1 files changed, 157 insertions, 0 deletions
diff --git a/Documentation/RCU/checklist.txt b/Documentation/RCU/checklist.txt
new file mode 100644
index 000000000000..b3a568abe6b1
--- /dev/null
+++ b/Documentation/RCU/checklist.txt
@@ -0,0 +1,157 @@
+Review Checklist for RCU Patches
+
+
+This document contains a checklist for producing and reviewing patches
+that make use of RCU.  Violating any of the rules listed below will
+result in the same sorts of problems that leaving out a locking primitive
+would cause.  This list is based on experiences reviewing such patches
+over a rather long period of time, but improvements are always welcome!
+
+0.	Is RCU being applied to a read-mostly situation?  If the data
+	structure is updated more than about 10% of the time, then
+	you should strongly consider some other approach, unless
+	detailed performance measurements show that RCU is nonetheless
+	the right tool for the job.
+
+	The other exception would be where performance is not an issue,
+	and RCU provides a simpler implementation.  An example of this
+	situation is the dynamic NMI code in the Linux 2.6 kernel,
+	at least on architectures where NMIs are rare.
+
+1.	Does the update code have proper mutual exclusion?
+
+	RCU does allow -readers- to run (almost) naked, but -writers- must
+	still use some sort of mutual exclusion, such as:
+
+	a.	locking,
+	b.	atomic operations, or
+	c.	restricting updates to a single task.
+
+	If you choose #b, be prepared to describe how you have handled
+	memory barriers on weakly ordered machines (pretty much all of
+	them -- even x86 allows reads to be reordered), and be prepared
+	to explain why this added complexity is worthwhile.  If you
+	choose #c, be prepared to explain how this single task does not
+	become a major bottleneck on big multiprocessor machines.
+
+2.	Do the RCU read-side critical sections make proper use of
+	rcu_read_lock() and friends?  These primitives are needed
+	to suppress preemption (or bottom halves, in the case of
+	rcu_read_lock_bh()) in the read-side critical sections,
+	and are also an excellent aid to readability.
+
+3.	Does the update code tolerate concurrent accesses?
+
+	The whole point of RCU is to permit readers to run without
+	any locks or atomic operations.  This means that readers will
+	be running while updates are in progress.  There are a number
+	of ways to handle this concurrency, depending on the situation:
+
+	a.	Make updates appear atomic to readers.  For example,
+		pointer updates to properly aligned fields will appear
+		atomic, as will individual atomic primitives.  Operations
+		performed under a lock and sequences of multiple atomic
+		primitives will -not- appear to be atomic.
+
+		This is almost always the best approach.
+
+	b.	Carefully order the updates and the reads so that
+		readers see valid data at all phases of the update.

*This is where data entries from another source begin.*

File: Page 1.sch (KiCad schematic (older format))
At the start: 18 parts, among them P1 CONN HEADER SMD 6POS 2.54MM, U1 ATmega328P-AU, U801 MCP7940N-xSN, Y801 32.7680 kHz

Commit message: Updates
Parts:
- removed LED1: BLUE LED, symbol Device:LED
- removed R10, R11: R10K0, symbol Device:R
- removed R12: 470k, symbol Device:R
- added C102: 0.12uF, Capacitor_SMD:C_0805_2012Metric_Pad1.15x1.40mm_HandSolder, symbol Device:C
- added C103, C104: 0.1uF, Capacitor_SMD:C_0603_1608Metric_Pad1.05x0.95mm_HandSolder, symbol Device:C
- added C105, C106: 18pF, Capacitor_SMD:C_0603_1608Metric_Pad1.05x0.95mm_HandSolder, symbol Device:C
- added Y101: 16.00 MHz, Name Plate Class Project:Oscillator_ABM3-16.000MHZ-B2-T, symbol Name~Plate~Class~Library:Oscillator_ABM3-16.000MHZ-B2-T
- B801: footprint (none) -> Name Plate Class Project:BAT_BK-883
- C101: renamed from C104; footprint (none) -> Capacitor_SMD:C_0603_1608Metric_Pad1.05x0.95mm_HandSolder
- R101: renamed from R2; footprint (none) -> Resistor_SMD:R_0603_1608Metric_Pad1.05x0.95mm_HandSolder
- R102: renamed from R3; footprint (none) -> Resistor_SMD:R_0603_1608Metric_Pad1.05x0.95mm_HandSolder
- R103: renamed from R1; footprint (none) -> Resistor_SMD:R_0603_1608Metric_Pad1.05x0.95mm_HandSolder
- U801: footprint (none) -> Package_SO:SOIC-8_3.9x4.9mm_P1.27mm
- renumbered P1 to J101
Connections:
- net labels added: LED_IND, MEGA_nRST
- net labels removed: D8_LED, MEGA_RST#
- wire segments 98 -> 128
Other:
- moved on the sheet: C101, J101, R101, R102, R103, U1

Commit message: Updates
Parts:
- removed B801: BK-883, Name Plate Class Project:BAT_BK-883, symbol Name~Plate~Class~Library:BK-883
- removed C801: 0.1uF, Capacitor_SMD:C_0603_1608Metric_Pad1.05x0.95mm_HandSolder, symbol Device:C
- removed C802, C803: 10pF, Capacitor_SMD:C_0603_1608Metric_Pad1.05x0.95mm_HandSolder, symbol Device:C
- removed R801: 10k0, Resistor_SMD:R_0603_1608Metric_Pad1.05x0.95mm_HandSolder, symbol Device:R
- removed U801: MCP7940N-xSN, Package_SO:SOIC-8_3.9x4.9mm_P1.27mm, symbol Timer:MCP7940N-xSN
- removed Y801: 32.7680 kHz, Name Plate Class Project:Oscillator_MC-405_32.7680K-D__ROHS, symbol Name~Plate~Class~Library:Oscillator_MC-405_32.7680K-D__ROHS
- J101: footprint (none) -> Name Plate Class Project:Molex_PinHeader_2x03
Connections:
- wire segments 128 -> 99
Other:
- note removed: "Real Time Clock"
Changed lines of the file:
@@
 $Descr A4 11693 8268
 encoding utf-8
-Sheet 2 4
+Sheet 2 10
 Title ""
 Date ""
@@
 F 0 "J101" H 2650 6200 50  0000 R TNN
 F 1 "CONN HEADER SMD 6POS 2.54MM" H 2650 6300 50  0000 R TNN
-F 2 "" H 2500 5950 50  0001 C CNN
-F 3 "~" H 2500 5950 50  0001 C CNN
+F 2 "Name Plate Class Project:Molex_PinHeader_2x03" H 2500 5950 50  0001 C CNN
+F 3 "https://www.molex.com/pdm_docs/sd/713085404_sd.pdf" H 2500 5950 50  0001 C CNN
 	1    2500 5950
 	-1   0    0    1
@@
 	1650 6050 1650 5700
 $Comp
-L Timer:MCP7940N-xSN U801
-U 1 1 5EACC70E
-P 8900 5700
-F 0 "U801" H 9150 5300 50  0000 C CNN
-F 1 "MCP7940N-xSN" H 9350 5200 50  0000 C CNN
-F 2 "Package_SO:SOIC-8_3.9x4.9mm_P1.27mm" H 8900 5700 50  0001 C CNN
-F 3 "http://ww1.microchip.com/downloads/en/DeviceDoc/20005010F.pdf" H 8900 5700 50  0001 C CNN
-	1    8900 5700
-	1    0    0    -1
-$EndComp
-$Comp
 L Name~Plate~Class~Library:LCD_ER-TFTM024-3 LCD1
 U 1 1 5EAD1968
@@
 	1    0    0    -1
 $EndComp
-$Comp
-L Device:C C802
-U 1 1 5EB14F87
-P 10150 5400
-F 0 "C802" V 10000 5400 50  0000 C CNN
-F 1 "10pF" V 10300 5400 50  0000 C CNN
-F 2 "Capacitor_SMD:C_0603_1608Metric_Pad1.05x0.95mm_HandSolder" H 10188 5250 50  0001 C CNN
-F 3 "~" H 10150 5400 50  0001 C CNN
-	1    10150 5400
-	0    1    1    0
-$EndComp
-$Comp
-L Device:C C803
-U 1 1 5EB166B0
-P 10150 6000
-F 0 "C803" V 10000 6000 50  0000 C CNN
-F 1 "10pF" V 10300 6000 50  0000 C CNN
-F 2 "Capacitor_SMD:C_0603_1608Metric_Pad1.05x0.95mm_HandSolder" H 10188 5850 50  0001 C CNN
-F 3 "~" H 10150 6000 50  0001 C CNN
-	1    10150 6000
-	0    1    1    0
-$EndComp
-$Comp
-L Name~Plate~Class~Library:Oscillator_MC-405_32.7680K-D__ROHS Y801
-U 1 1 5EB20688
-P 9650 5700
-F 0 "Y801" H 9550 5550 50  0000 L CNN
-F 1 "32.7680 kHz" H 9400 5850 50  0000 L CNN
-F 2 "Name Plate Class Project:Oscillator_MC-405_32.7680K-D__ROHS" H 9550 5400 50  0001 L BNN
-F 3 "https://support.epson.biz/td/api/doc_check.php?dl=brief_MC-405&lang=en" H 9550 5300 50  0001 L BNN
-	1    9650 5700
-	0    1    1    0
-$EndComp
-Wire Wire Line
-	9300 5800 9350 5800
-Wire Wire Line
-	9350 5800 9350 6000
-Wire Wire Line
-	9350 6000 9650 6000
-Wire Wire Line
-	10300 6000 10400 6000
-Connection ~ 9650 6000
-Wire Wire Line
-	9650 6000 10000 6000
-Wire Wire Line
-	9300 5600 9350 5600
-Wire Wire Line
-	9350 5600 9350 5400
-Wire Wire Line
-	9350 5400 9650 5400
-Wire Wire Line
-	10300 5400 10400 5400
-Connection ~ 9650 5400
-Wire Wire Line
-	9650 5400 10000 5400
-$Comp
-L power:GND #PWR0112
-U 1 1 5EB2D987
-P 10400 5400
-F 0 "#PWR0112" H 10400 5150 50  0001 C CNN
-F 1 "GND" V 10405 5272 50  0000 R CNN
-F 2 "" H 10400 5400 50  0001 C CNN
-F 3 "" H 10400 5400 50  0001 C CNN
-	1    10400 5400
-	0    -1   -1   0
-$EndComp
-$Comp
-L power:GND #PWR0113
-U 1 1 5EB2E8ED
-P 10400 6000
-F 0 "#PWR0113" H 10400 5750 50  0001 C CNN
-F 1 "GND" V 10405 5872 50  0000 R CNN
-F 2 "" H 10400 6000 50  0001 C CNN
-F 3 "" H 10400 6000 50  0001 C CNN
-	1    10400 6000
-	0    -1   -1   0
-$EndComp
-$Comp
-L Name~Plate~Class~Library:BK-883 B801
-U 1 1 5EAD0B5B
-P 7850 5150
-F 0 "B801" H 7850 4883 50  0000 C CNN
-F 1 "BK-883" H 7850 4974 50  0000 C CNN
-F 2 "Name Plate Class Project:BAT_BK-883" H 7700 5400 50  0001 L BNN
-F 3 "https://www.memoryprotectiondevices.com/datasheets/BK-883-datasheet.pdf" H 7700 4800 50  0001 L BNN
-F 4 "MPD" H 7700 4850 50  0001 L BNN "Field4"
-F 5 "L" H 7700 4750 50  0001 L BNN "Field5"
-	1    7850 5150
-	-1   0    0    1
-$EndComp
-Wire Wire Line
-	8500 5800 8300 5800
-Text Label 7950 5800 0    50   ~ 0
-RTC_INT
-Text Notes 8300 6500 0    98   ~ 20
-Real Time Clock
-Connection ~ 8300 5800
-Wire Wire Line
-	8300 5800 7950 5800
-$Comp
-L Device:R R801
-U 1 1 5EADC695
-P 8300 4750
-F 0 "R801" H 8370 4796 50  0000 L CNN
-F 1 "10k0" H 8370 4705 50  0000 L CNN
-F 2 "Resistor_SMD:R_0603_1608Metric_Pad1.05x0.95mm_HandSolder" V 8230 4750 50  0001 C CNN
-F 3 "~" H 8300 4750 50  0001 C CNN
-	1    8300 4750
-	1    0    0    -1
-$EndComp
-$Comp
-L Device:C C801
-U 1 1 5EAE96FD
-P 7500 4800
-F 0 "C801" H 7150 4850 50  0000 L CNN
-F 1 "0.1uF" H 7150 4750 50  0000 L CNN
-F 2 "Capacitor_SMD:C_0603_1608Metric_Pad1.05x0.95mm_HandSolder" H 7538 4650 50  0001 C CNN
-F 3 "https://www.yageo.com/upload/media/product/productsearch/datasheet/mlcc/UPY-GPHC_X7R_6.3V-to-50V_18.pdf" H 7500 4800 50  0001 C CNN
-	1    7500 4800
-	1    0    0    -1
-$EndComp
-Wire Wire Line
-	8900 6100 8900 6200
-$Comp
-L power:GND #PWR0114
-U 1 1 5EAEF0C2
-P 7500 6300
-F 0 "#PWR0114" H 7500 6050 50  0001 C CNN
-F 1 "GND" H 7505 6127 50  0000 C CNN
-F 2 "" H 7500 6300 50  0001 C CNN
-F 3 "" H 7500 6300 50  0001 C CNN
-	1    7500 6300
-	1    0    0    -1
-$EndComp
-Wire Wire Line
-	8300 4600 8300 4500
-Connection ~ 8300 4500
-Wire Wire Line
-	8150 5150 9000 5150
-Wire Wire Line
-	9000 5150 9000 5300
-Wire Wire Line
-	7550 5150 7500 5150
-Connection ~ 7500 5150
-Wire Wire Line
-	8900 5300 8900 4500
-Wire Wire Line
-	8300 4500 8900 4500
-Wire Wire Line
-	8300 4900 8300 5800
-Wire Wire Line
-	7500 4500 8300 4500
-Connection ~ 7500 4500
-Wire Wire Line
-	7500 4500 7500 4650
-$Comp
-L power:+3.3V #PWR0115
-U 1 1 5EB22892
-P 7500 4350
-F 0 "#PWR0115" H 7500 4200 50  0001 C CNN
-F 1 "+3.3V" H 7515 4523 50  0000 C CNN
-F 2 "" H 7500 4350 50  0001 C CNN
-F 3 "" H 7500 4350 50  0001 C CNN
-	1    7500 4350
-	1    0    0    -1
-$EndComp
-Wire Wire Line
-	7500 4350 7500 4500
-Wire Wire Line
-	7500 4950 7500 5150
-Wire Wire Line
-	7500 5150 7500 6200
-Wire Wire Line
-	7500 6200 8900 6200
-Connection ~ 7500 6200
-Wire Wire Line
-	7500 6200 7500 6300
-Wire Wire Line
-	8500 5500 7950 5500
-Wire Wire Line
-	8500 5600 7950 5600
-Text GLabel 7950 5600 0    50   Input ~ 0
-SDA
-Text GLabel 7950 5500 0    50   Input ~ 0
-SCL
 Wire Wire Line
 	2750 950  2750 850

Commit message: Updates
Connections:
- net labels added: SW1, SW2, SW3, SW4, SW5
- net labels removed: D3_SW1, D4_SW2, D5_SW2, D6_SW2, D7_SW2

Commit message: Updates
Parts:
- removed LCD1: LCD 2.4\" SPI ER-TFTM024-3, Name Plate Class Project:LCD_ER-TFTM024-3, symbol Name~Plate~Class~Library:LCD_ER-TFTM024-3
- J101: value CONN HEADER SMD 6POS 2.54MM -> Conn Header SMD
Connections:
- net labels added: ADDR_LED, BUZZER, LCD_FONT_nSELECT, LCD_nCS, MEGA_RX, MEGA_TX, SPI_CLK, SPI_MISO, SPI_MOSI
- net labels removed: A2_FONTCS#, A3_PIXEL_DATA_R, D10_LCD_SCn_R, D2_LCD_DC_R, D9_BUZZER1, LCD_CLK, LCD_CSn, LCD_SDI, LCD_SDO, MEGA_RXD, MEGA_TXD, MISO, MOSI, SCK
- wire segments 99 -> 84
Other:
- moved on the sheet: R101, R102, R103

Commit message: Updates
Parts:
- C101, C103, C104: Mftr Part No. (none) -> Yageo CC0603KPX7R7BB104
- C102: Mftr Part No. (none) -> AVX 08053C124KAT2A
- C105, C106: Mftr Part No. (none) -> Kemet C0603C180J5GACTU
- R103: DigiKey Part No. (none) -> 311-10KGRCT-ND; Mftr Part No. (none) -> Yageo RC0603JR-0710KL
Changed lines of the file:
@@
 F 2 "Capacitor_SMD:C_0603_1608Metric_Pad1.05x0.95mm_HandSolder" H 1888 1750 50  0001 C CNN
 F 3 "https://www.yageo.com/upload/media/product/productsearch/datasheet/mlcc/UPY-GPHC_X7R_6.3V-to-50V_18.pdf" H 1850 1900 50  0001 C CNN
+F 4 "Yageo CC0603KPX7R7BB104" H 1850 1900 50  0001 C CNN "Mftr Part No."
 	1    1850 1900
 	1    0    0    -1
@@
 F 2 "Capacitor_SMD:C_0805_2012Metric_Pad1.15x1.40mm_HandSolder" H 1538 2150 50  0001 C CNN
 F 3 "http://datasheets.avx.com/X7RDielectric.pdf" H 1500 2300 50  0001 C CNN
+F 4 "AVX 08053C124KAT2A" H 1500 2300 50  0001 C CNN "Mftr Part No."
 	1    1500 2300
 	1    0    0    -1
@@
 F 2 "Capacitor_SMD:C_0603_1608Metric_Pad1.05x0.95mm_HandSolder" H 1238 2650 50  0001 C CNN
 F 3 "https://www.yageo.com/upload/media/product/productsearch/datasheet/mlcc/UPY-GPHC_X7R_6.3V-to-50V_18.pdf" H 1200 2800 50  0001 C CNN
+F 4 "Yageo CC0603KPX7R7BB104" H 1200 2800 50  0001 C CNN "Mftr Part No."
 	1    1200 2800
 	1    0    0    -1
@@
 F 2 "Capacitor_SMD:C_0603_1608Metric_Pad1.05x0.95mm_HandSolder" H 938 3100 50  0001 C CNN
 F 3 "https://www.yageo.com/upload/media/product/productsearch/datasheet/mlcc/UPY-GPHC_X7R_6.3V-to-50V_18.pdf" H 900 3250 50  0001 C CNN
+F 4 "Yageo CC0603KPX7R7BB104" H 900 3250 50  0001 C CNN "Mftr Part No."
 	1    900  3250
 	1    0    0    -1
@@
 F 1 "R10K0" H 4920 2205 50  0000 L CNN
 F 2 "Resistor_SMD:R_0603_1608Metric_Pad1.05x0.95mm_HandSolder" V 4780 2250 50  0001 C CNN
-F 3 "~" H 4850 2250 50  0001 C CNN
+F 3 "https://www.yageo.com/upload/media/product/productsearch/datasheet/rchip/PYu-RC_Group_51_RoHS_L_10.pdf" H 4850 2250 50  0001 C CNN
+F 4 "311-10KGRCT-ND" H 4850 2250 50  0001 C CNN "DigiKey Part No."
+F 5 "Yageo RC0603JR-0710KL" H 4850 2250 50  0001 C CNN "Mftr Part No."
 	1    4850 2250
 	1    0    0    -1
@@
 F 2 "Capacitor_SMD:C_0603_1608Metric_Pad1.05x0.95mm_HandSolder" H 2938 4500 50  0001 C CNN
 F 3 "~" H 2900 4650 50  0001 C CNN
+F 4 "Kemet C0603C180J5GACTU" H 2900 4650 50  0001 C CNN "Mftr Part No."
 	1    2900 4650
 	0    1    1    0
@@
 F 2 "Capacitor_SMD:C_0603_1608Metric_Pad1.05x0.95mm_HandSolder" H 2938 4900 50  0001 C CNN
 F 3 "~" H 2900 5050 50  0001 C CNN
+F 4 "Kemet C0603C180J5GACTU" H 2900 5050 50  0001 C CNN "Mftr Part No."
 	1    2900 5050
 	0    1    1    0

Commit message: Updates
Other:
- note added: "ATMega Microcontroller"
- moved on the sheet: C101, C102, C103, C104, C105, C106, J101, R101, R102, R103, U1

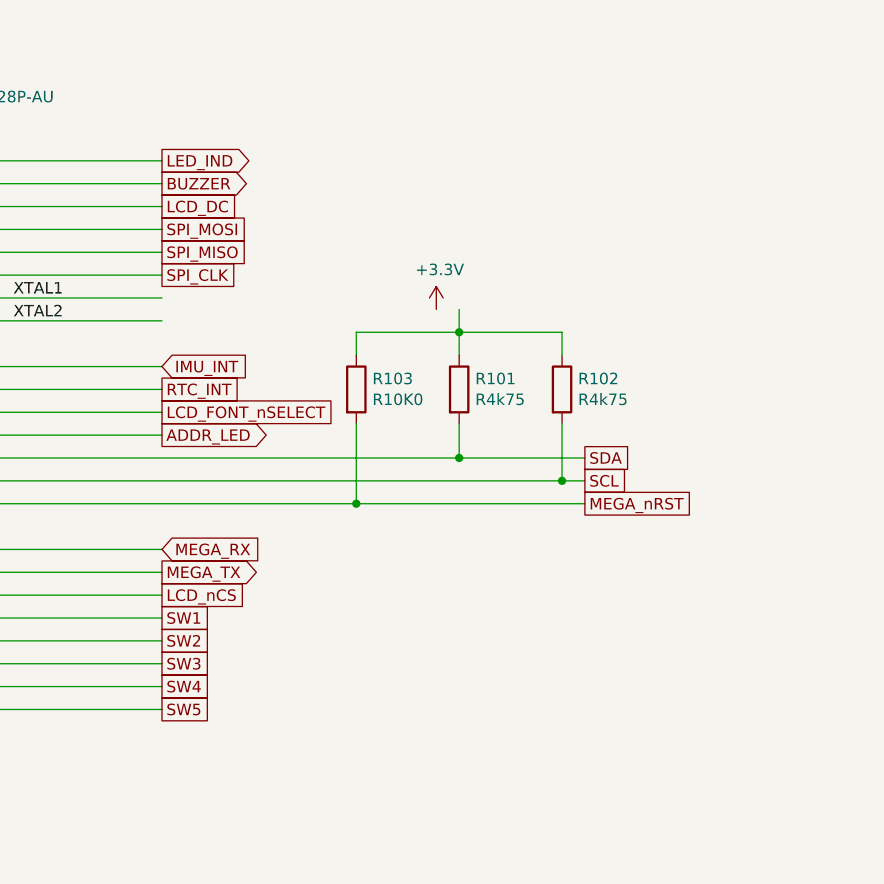
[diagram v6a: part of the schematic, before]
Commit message: Switched to Hierarchical
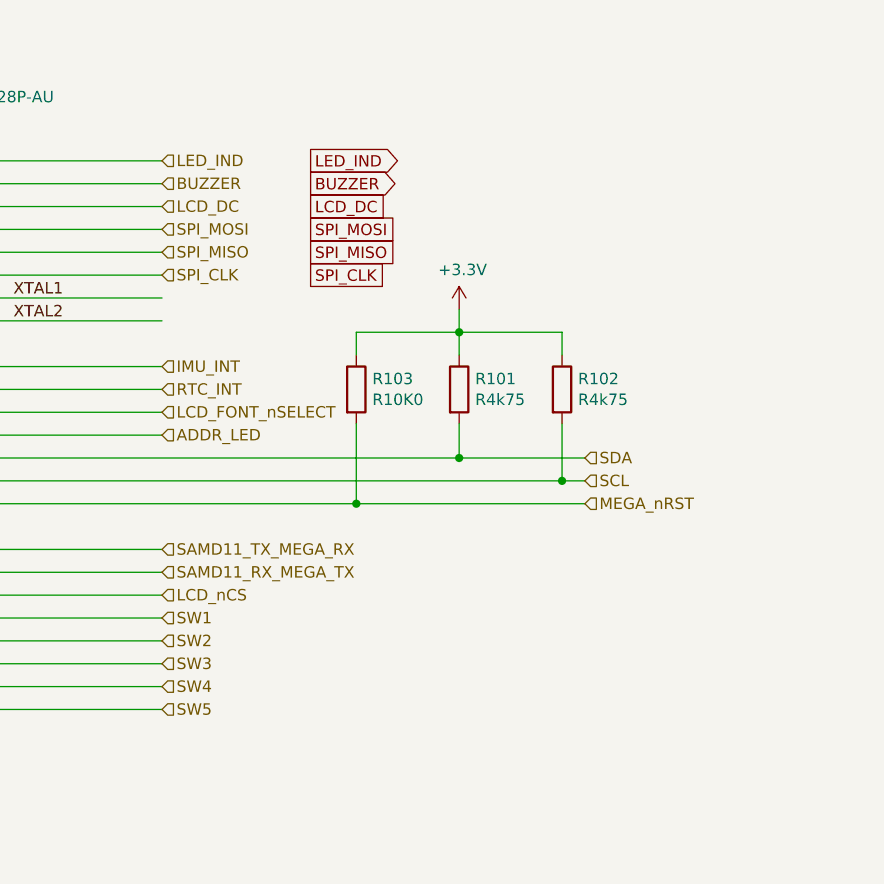
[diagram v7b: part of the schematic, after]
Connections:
- net labels added: SAMD11_RX_MEGA_TX, SAMD11_TX_MEGA_RX
- net labels removed: MEGA_RX, MEGA_TX
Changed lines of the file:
@@
 Wire Wire Line
 	4000 2450 4750 2450
-Text GLabel 4750 1350 2    50   Output ~ 0
+Text GLabel 5400 1350 2    50   Output ~ 0
 BUZZER
-Text GLabel 4750 2150 2    50   Input ~ 0
-IMU_INT
-Text GLabel 6600 2650 2    50   UnSpc ~ 0
-SCL
-Text GLabel 6600 2750 2    50   UnSpc ~ 0
-MEGA_nRST
-Text GLabel 4750 2950 2    50   Input ~ 0
-MEGA_RX
-Text GLabel 4750 3050 2    50   Output ~ 0
-MEGA_TX
-Text GLabel 4750 3250 2    50   UnSpc ~ 0
-SW1
-Text GLabel 4750 3350 2    50   UnSpc ~ 0
-SW2
-Text GLabel 4750 3450 2    50   UnSpc ~ 0
-SW3
-Text GLabel 4750 3550 2    50   UnSpc ~ 0
-SW4
-Text GLabel 4750 3650 2    50   UnSpc ~ 0
-SW5
-Text GLabel 6600 2550 2    50   UnSpc ~ 0
-SDA
 Text GLabel 9450 3200 2    50   BiDi ~ 0
 MEGA_nRST
@@
 L power:+3.3V #PWR06
 U 1 1 5EADA375
-P 5950 1900
-F 0 "#PWR06" H 5950 1750 50  0001 C CNN
-F 1 "+3.3V" H 5965 2073 50  0000 C CNN
-F 2 "" H 5950 1900 50  0001 C CNN
-F 3 "" H 5950 1900 50  0001 C CNN
-	1    5950 1900
+P 6050 1900
+F 0 "#PWR06" H 6050 1750 50  0001 C CNN
+F 1 "+3.3V" H 6065 2073 50  0000 C CNN
+F 2 "" H 6050 1900 50  0001 C CNN
+F 3 "" H 6050 1900 50  0001 C CNN
+	1    6050 1900
 	1    0    0    -1
 $EndComp
@@
 Wire Wire Line
 	8150 1300 8550 1300
-Text GLabel 4750 1250 2    50   Output ~ 0
+Text GLabel 5400 1250 2    50   Output ~ 0
 LED_IND
-Text GLabel 4750 2450 2    50   Output ~ 0
-ADDR_LED
-Text GLabel 4750 1450 2    50   UnSpc ~ 0
+Text GLabel 5400 1450 2    50   UnSpc ~ 0
 LCD_DC
-Text GLabel 4750 1550 2    50   UnSpc ~ 0
+Text GLabel 5400 1550 2    50   UnSpc ~ 0
 SPI_MOSI
-Text GLabel 4750 1650 2    50   UnSpc ~ 0
+Text GLabel 5400 1650 2    50   UnSpc ~ 0
 SPI_MISO
-Text GLabel 4750 1750 2    50   UnSpc ~ 0
+Text GLabel 5400 1750 2    50   UnSpc ~ 0
 SPI_CLK
-Text GLabel 4750 2250 2    50   UnSpc ~ 0
-RTC_INT
-Text GLabel 4750 2350 2    50   UnSpc ~ 0
-LCD_FONT_nSELECT
 Wire Wire Line
 	5600 2000 6050 2000
@@
 Wire Wire Line
 	4000 2650 6500 2650
-Text GLabel 4750 3150 2    50   UnSpc ~ 0
-LCD_nCS
 Text GLabel 9450 3400 2    50   UnSpc ~ 0
 SPI_MISO
@@
 Wire Wire Line
 	2600 2050 2600 3700
+Text HLabel 4750 2150 2    50   Input ~ 0
+IMU_INT
+Text HLabel 6600 2550 2    50   Input ~ 0
+SDA
+Text HLabel 6600 2650 2    50   Input ~ 0
+SCL
+Text HLabel 4750 3250 2    50   Input ~ 0
+SW1
+Text HLabel 4750 3350 2    50   Input ~ 0
+SW2
+Text HLabel 4750 3450 2    50   Input ~ 0
+SW3
+Text HLabel 4750 3550 2    50   Input ~ 0
+SW4
+Text HLabel 4750 3650 2    50   Input ~ 0
+SW5
+Text HLabel 4750 2250 2    50   Input ~ 0
+RTC_INT
+Text HLabel 6600 2750 2    50   Input ~ 0
+MEGA_nRST
+Text HLabel 4750 2950 2    50   Input ~ 0
+SAMD11_TX_MEGA_RX
+Text HLabel 4750 3050 2    50   Input ~ 0
+SAMD11_RX_MEGA_TX
+Text HLabel 4750 3150 2    50   Input ~ 0
+LCD_nCS
+Text HLabel 4750 2450 2    50   Input ~ 0
+ADDR_LED
+Text HLabel 4750 2350 2    50   Input ~ 0
+LCD_FONT_nSELECT
+Text HLabel 4750 1750 2    50   Input ~ 0
+SPI_CLK
+Text HLabel 4750 1650 2    50   Input ~ 0
+SPI_MISO
+Text HLabel 4750 1550 2    50   Input ~ 0
+SPI_MOSI
+Text HLabel 4750 1450 2    50   Input ~ 0
+LCD_DC
+Text HLabel 4750 1350 2    50   Input ~ 0
+BUZZER
+Text HLabel 4750 1250 2    50   Input ~ 0
+LED_IND
 $EndSCHEMATC

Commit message: Updating to Final Revision
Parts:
- added R104, R105: R10K0, Resistor_SMD:R_0603_1608Metric_Pad1.05x0.95mm_HandSolder, symbol Device:R
- renumbered C106 to C103, C105 to C104, C103 to C105, C104 to C106, R103 to R101, R101 to R102, R102 to R103
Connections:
- wire segments 84 -> 93
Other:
- moved on the sheet: C101, C102, C105, C106, R101, R102, R103, U1

+		This is often more difficult than it sounds, especially
+		given modern CPUs' tendency to reorder memory references.
+		One must usually liberally sprinkle memory barriers
+		(smp_wmb(), smp_rmb(), smp_mb()) through the code,
+		making it difficult to understand and to test.
+
+		It is usually better to group the changing data into
+		a separate structure, so that the change may be made
+		to appear atomic by updating a pointer to reference
+		a new structure containing updated values.
+
+4.	Weakly ordered CPUs pose special challenges.  Almost all CPUs
+	are weakly ordered -- even i386 CPUs allow reads to be reordered.
+	RCU code must take all of the following measures to prevent
+	memory-corruption problems:
+
+	a.	Readers must maintain proper ordering of their memory
+		accesses.  The rcu_dereference() primitive ensures that
+		the CPU picks up the pointer before it picks up the data
+		that the pointer points to.  This really is necessary
+		on Alpha CPUs.	If you don't believe me, see:
+
+			http://www.openvms.compaq.com/wizard/wiz_2637.html
+
+		The rcu_dereference() primitive is also an excellent
+		documentation aid, letting the person reading the code
+		know exactly which pointers are protected by RCU.
+
+		The rcu_dereference() primitive is used by the various
+		"_rcu()" list-traversal primitives, such as the
+		list_for_each_entry_rcu().
+
+	b.	If the list macros are being used, the list_del_rcu(),
+		list_add_tail_rcu(), and list_del_rcu() primitives must
+		be used in order to prevent weakly ordered machines from
+		misordering structure initialization and pointer planting.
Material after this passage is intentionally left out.